Time, you know, chooses its targets carefully. With red wine, certain cheeses or ancient architecture, the wearing of years adds a richness of depth and a uniqueness of flavor that allows them to stand out as superior to a fresh bottle of newly-laid plonk served with Velveeta on crackers in an American-Soviet high rise box. Less fortunately, that simply smashing shirt or skirt you bought in 1986 now makes you look like a windmill on a miniature golf course. No, clothes don’t age well and neither do television sets, hairlines or memoirs.

Oh, that’s right. Memoirs do not age well, particularly les romans à clef with their leads and surrounding characters hidden by disguises as flimsy as Superman’s curl or Clark Kent’s eyeglasses. The joy of them becomes their fatal flaw. We all enjoy a good old game of, ‘I Know Who That Is!’ as that cheating poet with the roguish curls and lust for battle can only be Lord Byron.
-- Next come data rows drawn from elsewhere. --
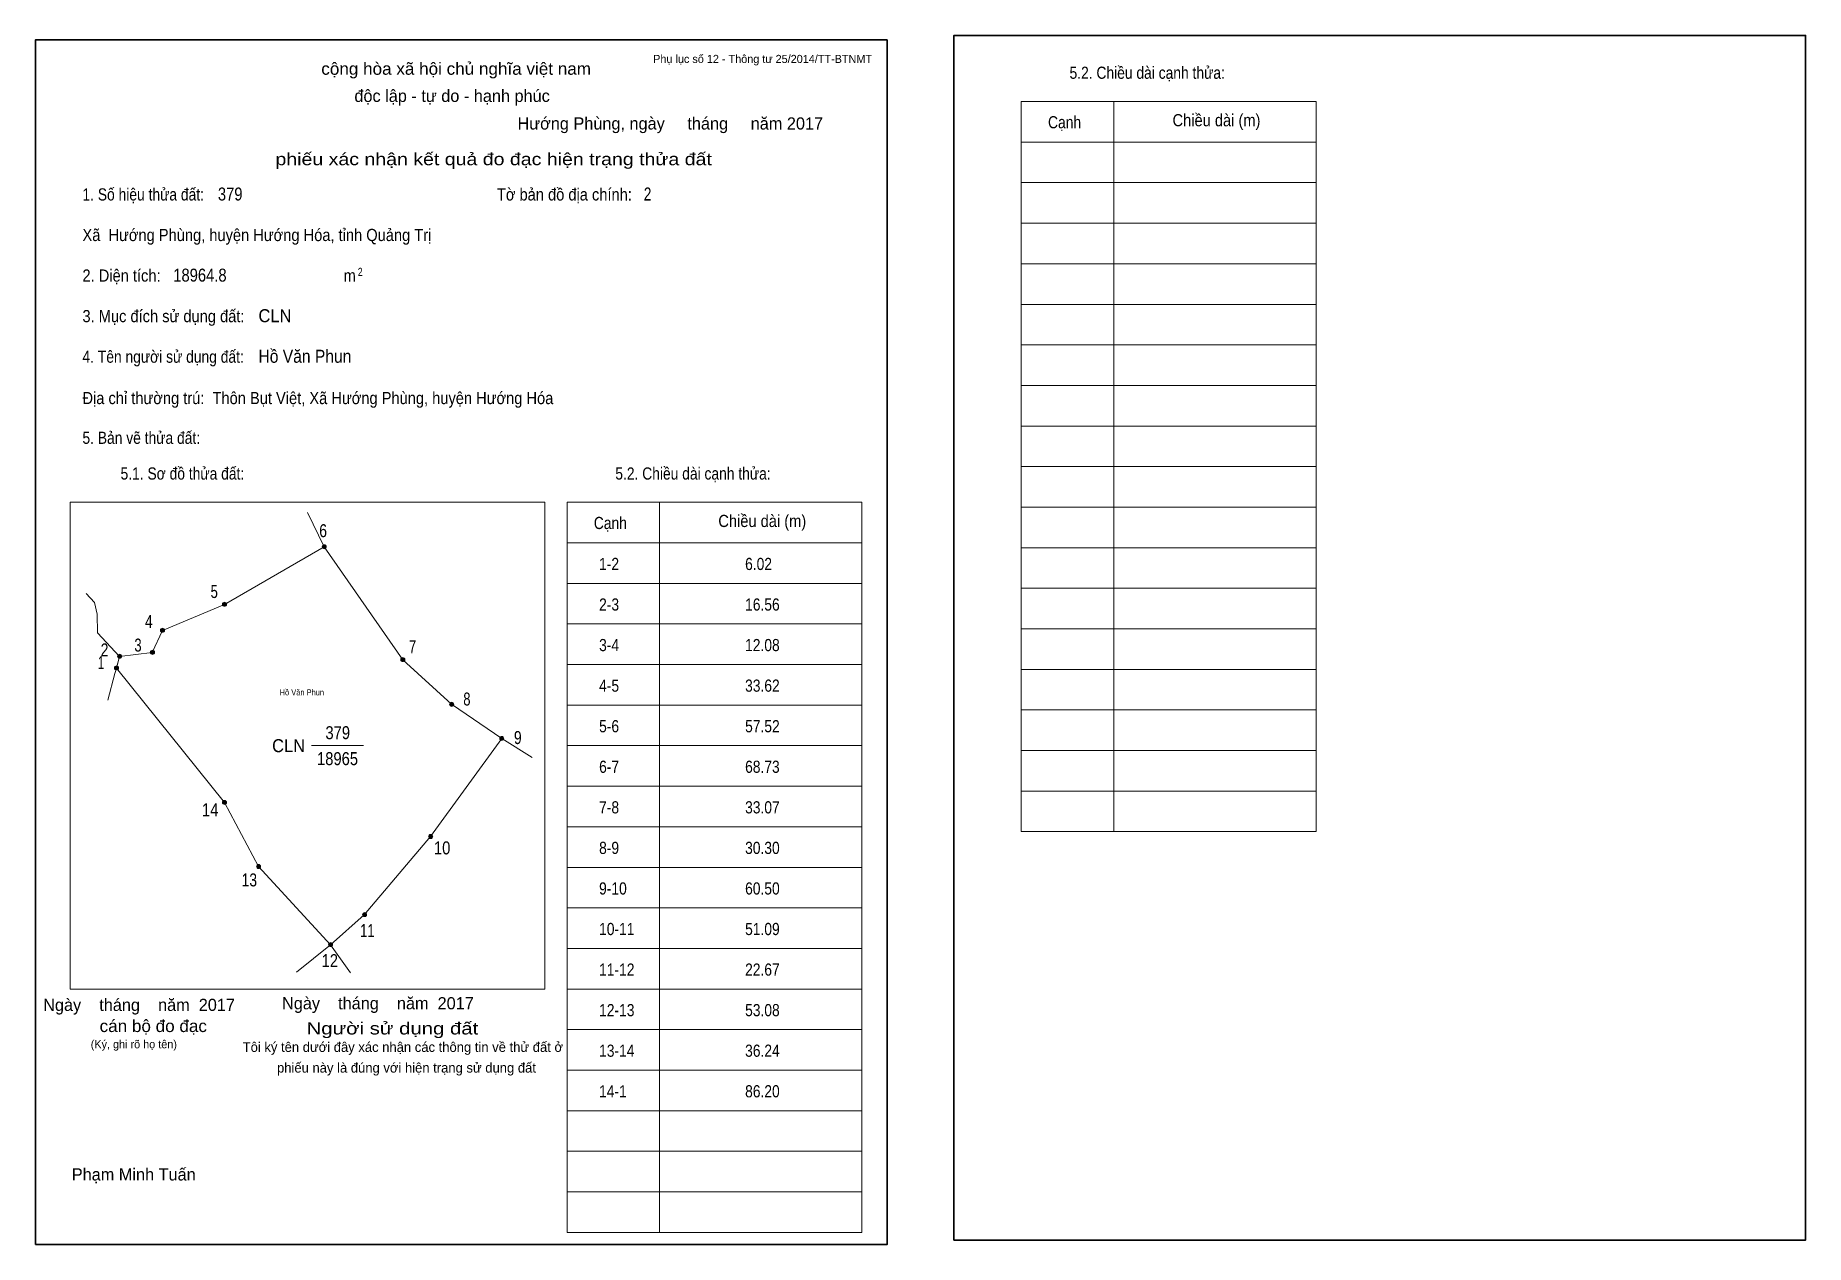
# Model space of a CAD drawing. Header units: centimetres. Extents: x 0 to 43.6, y 0 to 29.8.
import ezdxf
from ezdxf.enums import TextEntityAlignment as Align

# ---------------------------------------------------------------- set-up
doc = ezdxf.new("R2010")
doc.units = ezdxf.units.CM
doc.header["$LTSCALE"] = 0.12
for name, color, linetype in [('30', 7, 'Continuous'), ('34', 7, 'Continuous'), ('62', 7, 'Continuous')]:
    doc.layers.add(name, color=color, linetype=linetype)
for name, color, linetype, lineweight in [('32', 7, 'Continuous', 13), ('33', 7, 'Continuous', 13), ('61', 7, 'Continuous', 13), ('63', 7, 'Continuous', 13)]:
    doc.layers.add(name, color=color, linetype=linetype, lineweight=lineweight)

msp = doc.modelspace()

# ---------------------------------------------------------------- hatches: boundary and pattern name
at = {"layer": '32'}
for points in [[(7.1721, 17.2045, 1), (7.0721, 17.2045, 1)], [(4.7135, 15.7856, 1), (4.6135, 15.7856, 1)], [(3.1836, 15.1441, 1), (3.0836, 15.1441, 1)], [(2.1255, 14.504, 1), (2.0255, 14.504, 1)], [(2.9368, 14.6012, 1), (2.8368, 14.6012, 1)], [(9.1106, 14.4211, 1), (9.0106, 14.4211, 1)], [(2.05, 14.2168, 1), (1.95, 14.2168, 1)], [(10.3138, 13.3186, 1), (10.2138, 13.3186, 1)], [(11.55, 12.4777, 1), (11.45, 12.4777, 1)], [(4.7135, 10.8999, 1), (4.6135, 10.8999, 1)], [(9.7966, 10.061, 1), (9.6966, 10.061, 1)], [(5.5524, 9.3207, 1), (5.4524, 9.3207, 1)], [(8.168, 8.1363, 1), (8.068, 8.1363, 1)], [(7.329, 7.396, 1), (7.229, 7.396, 1)]]:
    msp.add_hatch(color=256, dxfattribs=at).paths.add_polyline_path(points)

# ---------------------------------------------------------------- linework, layer by layer
for centre in [(7.1221, 17.2045), (4.6635, 15.7856), (3.1336, 15.1441), (2.0755, 14.504), (2.8868, 14.6012), (9.0606, 14.4211), (2, 14.2168), (10.2638, 13.3186), (11.5, 12.4777), (4.6635, 10.8999), (9.7466, 10.061), (5.5024, 9.3207), (8.118, 8.1363), (7.279, 7.396)]:
    msp.add_circle(centre, 0.05, dxfattribs=at)
at = {"layer": '33'}
msp.add_line((6.81, 12.3), (8.09, 12.3), dxfattribs=at)
at = {"layer": '61'}
for p, q in [((7.12, 17.2), (6.71, 18.05)), ((2.07, 14.5), (2, 14.22)), ((2, 14.22), (2, 14.21)), ((7.28, 7.39), (6.44, 6.72)), ((7.28, 7.39), (7.77, 6.7))]:
    msp.add_line(p, q, dxfattribs=at)
for points in [[(2.07, 14.5), (2.88, 14.6), (3.13, 15.14), (4.66, 15.78), (7.12, 17.2)], [(7.12, 17.2), (9.06, 14.42), (10.26, 13.32), (11.5, 12.48), (12.25, 12.01)], [(1.25, 16.05), (1.46, 15.83), (1.52, 15.54), (1.53, 15.08), (2.07, 14.5), (2, 14.21)], [(2, 14.21), (1.96, 14.08), (1.79, 13.42)], [(2, 14.21), (4.66, 10.9), (5.5, 9.32), (7.28, 7.39)], [(11.5, 12.48), (9.74, 10.06), (8.11, 8.13), (7.28, 7.39)]]:
    msp.add_lwpolyline(points, dxfattribs=at)
at = {"layer": '63'}
for p, q in [((24.31, 28.18), (31.58, 28.18)), ((24.31, 10.18), (24.31, 28.18)), ((26.59, 10.18), (26.59, 28.18)), ((31.58, 10.18), (31.58, 28.18)), ((24.31, 27.18), (31.58, 27.18)), ((24.31, 26.18), (31.58, 26.18)), ((24.31, 25.18), (31.58, 25.18)), ((24.31, 24.18), (31.58, 24.18)), ((24.31, 23.18), (31.58, 23.18)), ((24.31, 22.18), (31.58, 22.18)), ((24.31, 21.18), (31.58, 21.18)), ((24.31, 20.18), (31.58, 20.18)), ((24.31, 19.18), (31.58, 19.18)), ((0.86, 18.3), (12.56, 18.3)), ((0.86, 6.3), (0.86, 18.3)), ((12.56, 6.3), (12.56, 18.3)), ((13.11, 18.3), (20.38, 18.3)), ((13.11, 0.3), (13.11, 18.3)), ((15.39, 0.3), (15.39, 18.3)), ((20.38, 0.3), (20.38, 18.3)), ((24.31, 18.18), (31.58, 18.18)), ((13.11, 17.3), (20.38, 17.3)), ((24.31, 17.18), (31.58, 17.18)), ((13.11, 16.3), (20.38, 16.3)), ((24.31, 16.18), (31.58, 16.18)), ((13.11, 15.3), (20.38, 15.3)), ((24.31, 15.18), (31.58, 15.18)), ((13.11, 14.3), (20.38, 14.3)), ((24.31, 14.18), (31.58, 14.18)), ((13.11, 13.3), (20.38, 13.3)), ((24.31, 13.18), (31.58, 13.18)), ((13.11, 12.3), (20.38, 12.3)), ((24.31, 12.18), (31.58, 12.18)), ((24.31, 12.18), (31.58, 12.18)), ((13.11, 11.3), (20.38, 11.3)), ((24.31, 11.18), (31.58, 11.18)), ((13.11, 10.3), (20.38, 10.3)), ((24.31, 10.18), (31.58, 10.18)), ((13.11, 9.3), (20.38, 9.3)), ((13.11, 8.3), (20.38, 8.3)), ((13.11, 7.3), (20.38, 7.3)), ((0.86, 6.3), (12.56, 6.3)), ((13.11, 6.3), (20.38, 6.3)), ((13.11, 5.3), (20.38, 5.3)), ((13.11, 4.3), (20.38, 4.3)), ((13.11, 3.3), (20.38, 3.3)), ((13.11, 2.3), (20.38, 2.3)), ((13.11, 2.3), (20.38, 2.3)), ((13.11, 1.3), (20.38, 1.3)), ((13.11, 0.3), (20.38, 0.3))]:
    msp.add_line(p, q, dxfattribs=at)
at = {"layer": '63', "lineweight": 35}
for points in [[(0, 0), (0, 29.7), (21, 29.7), (21, 0)], [(22.65, 0.11), (22.65, 29.81), (43.65, 29.81), (43.65, 0.11)]]:
    msp.add_lwpolyline(points, close=True, dxfattribs=at)

# ---------------------------------------------------------------- texts
at = {"layer": '30', "width": 0.85}
for s, p in [('1-2', (13.9, 16.63)), ('6.02', (17.5, 16.63)), ('2-3', (13.9, 15.63)), ('16.56', (17.5, 15.63)), ('3-4', (13.9, 14.63)), ('12.08', (17.5, 14.63)), ('4-5', (13.9, 13.63)), ('33.62', (17.5, 13.63)), ('5-6', (13.9, 12.63)), ('57.52', (17.5, 12.63)), ('6-7', (13.9, 11.63)), ('68.73', (17.5, 11.63)), ('7-8', (13.9, 10.63)), ('33.07', (17.5, 10.63)), ('8-9', (13.9, 9.63)), ('30.30', (17.5, 9.63)), ('9-10', (13.9, 8.63)), ('60.50', (17.5, 8.63)), ('10-11', (13.9, 7.63)), ('51.09', (17.5, 7.63)), ('11-12', (13.9, 6.63)), ('22.67', (17.5, 6.63)), ('12-13', (13.9, 5.63)), ('53.08', (17.5, 5.63)), ('13-14', (13.9, 4.63)), ('36.24', (17.5, 4.63)), ('14-1', (13.9, 3.63)), ('86.20', (17.5, 3.63))]:
    msp.add_text(s, height=0.3, dxfattribs=at).set_placement(p)
at = {"layer": '32'}
for s, width, p in [('6', 0.8, (7.095, 17.44)), ('5', 0.75, (4.41, 15.94)), ('4', 0.8, (2.795, 15.2)), ('3', 0.75, (2.53, 14.62)), ('7', 0.75, (9.3, 14.58)), ('1', 0.65, (1.62, 14.19)), ('2', 0.8, (1.705, 14.5)), ('8', 0.75, (10.64, 13.29)), ('9', 0.8, (11.895, 12.34)), ('14', 0.85, (4.31, 10.56)), ('10', 0.85, (10.03, 9.62)), ('13', 0.8, (5.275, 8.83)), ('11', 0.75, (8.185, 7.58)), ('12', 0.85, (7.26, 6.84))]:
    msp.add_text(s, height=0.32, dxfattribs=dict(at, width=width)).set_placement(p, align=Align.CENTER)
at = {"layer": '33', "width": 0.85}
for s, p in [('379', (7.455, 12.46)), ('18965', (7.45, 11.82))]:
    msp.add_text(s, height=0.32, dxfattribs=at).set_placement(p, align=Align.CENTER)
at = {"layer": '33', "width": 0.95}
msp.add_text('CLN', height=0.32, dxfattribs=at).set_placement((6.65, 12.14), align=Align.RIGHT)
at = {"layer": '34'}
for s, width, p in [('379', 0.85, (4.5, 25.74)), ('2', 0.8, (15, 25.74)), ('18964.8', 0.85, (3.4, 23.74)), ('CLN', 0.95, (5.5, 22.74)), ('Hồ Văn Phun', 0.9, (5.5, 21.74))]:
    msp.add_text(s, height=0.32, dxfattribs=dict(at, width=width)).set_placement(p)
at = {"layer": '62', "width": 0.9}
msp.add_text('Hồ Văn Phun', height=0.148, dxfattribs=at).set_placement((6.57, 13.54), align=Align.CENTER)
at = {"layer": '63'}
for s, height, p in [('Phụ lục số 12 - Thông tư 25/2014/TT-BTNMT', 0.2, (20.63, 29.13)), ('Ngày    tháng    năm  2017', 0.3, (10.81, 5.8)), ('Ngày    tháng    năm  2017', 0.3, (4.92, 5.76)), ('(Ký, ghi rõ họ tên)', 0.2, (3.49, 4.84))]:
    msp.add_text(s, height=height, dxfattribs=at).set_placement(p, align=Align.RIGHT)
at = {"layer": '63', "width": 1.05}
msp.add_text('cộng hòa xã hội chủ nghĩa việt nam', height=0.3, dxfattribs=at).set_placement((10.375, 28.84), align=Align.CENTER)
at = {"layer": '63'}
for s, height, width, p in [('5.2. Chiều dài cạnh thửa:', 0.3, 0.85, (25.5, 28.74)), ('Cạnh', 0.3, 0.85, (24.97, 27.52)), ('Chiều dài (m)', 0.3, 0.9, (28.04, 27.57)), ('1. Số hiệu thửa đất:', 0.3, 0.85, (1.16, 25.74)), ('Tờ bản đồ địa chính:', 0.3, 0.9, (11.38, 25.74)), ('Xã  Hướng Phùng, huyện Hướng Hóa, tỉnh Quảng Trị', 0.3, 0.9, (1.16, 24.74)), ('2. Diện tích:', 0.3, 0.9, (1.16, 23.74)), ('2', 0.2, 0.8, (7.95, 23.88)), ('m', 0.3, 0.9, (7.6, 23.74)), ('3. Mục đích sử dụng đất:', 0.3, 0.9, (1.16, 22.74)), ('4. Tên người sử dụng đất:', 0.3, 0.85, (1.16, 21.74)), ('Địa chỉ thường trú:  Thôn Bụt Việt, Xã Hướng Phùng, huyện Hướng Hóa', 0.3, 0.9, (1.16, 20.72)), ('5. Bản vẽ thửa đất:', 0.3, 0.85, (1.16, 19.74)), ('5.1. Sơ đồ thửa đất:', 0.3, 0.85, (2.1, 18.86)), ('5.2. Chiều dài cạnh thửa:', 0.3, 0.85, (14.3, 18.86)), ('Cạnh', 0.3, 0.85, (13.77, 17.64)), ('Chiều dài (m)', 0.3, 0.9, (16.84, 17.69))]:
    msp.add_text(s, height=height, dxfattribs=dict(at, width=width)).set_placement(p)
for s, height, p in [('độc lập - tự do - hạnh phúc', 0.3, (10.275, 28.17)), ('Hướng Phùng, ngày     tháng     năm 2017', 0.3, (15.655, 27.49)), ('Tôi ký tên dưới đây xác nhận các thông tin về thử đất ở ', 0.24, (9.105, 4.75)), ('phiếu này là đúng với hiện trạng sử dụng đất', 0.24, (9.15, 4.24)), ('Phạm Minh Tuấn', 0.3, (2.425, 1.58))]:
    msp.add_text(s, height=height, dxfattribs=at).set_placement(p, align=Align.CENTER)
for s, width, p in [('phiếu xác nhận kết quả đo đạc hiện trạng thửa đất', 1.2, (16.68, 26.61)), ('cán bộ đo đạc', 1.05, (4.23, 5.24)), ('Người sử dụng đất', 1.25, (10.92, 5.18))]:
    msp.add_text(s, height=0.3, dxfattribs=dict(at, width=width)).set_placement(p, align=Align.RIGHT)

doc.saveas('drawing.dxf')

And if you did not recognize that reference to Lady Caroline Lamb’s 1816 novel Glenarvon, don’t feel too badly for no one else has read it for pleasure in the last century and a half. They lose their potency. Supporting characters who had achieved a certain notoriety and thus were worth spotting like Easter eggs or buried truffles descend first into trivia and then into inconsequentiality.

And yet, some do survive and even improve over time, the rare few that beat the odds like Cary Grant’s looks or an antique watch. There’s Hemingway’s The Sun Also Rises for one, Fitzgerald’s Tender is the Night or Dominick Dunne’s re-casting of the Woodward murder in The Two Mrs. Grenvilles. One must not forget either Dorothy Parker’s Big Blonde which is the story of its author’s descent into alcoholism. Any or all can be read and enjoyed with absolutely no inkling of who the hell Gerald and Sara Murphy were or what a Belair Stud is. (It was a horse ranch darling, not a gigolo.) 

For a roman à clef to have a life beyond the immediate party game, it absolutely must have two qualities going for it. As a novel, it must have a richness of story that just happens to coincidentally involve some notable celebrities or other newsworthy figures. And of course, it better be bloody well-written.

For those two reasons, I equally love and admire Vicki Abelson’s Don’t Jump. Yes, it took me a while to get around to saying that, but great books like great stage actresses deserve a proper entrance. 

What I found most incredible about Don’t Jump is how it has grown. Full disclosure: I read an earlier draft of Don’t Jump three years ago or so. I had ‘intermet’ Vicki Abelson because of my admiration for her fantastic book salon held at her home in Los Angeles, Women Who Write. At the time, I thought her manuscript was more than publishable in its current form. It was sharp, it was funny, it told the story well of Andi, a nice Jewish girl from New York who existed as a close observer of the music and television scene through the 1980s and 90s while never quite making it to stardom herself. I told Vicki, ‘Keep at it and you will find a publisher.’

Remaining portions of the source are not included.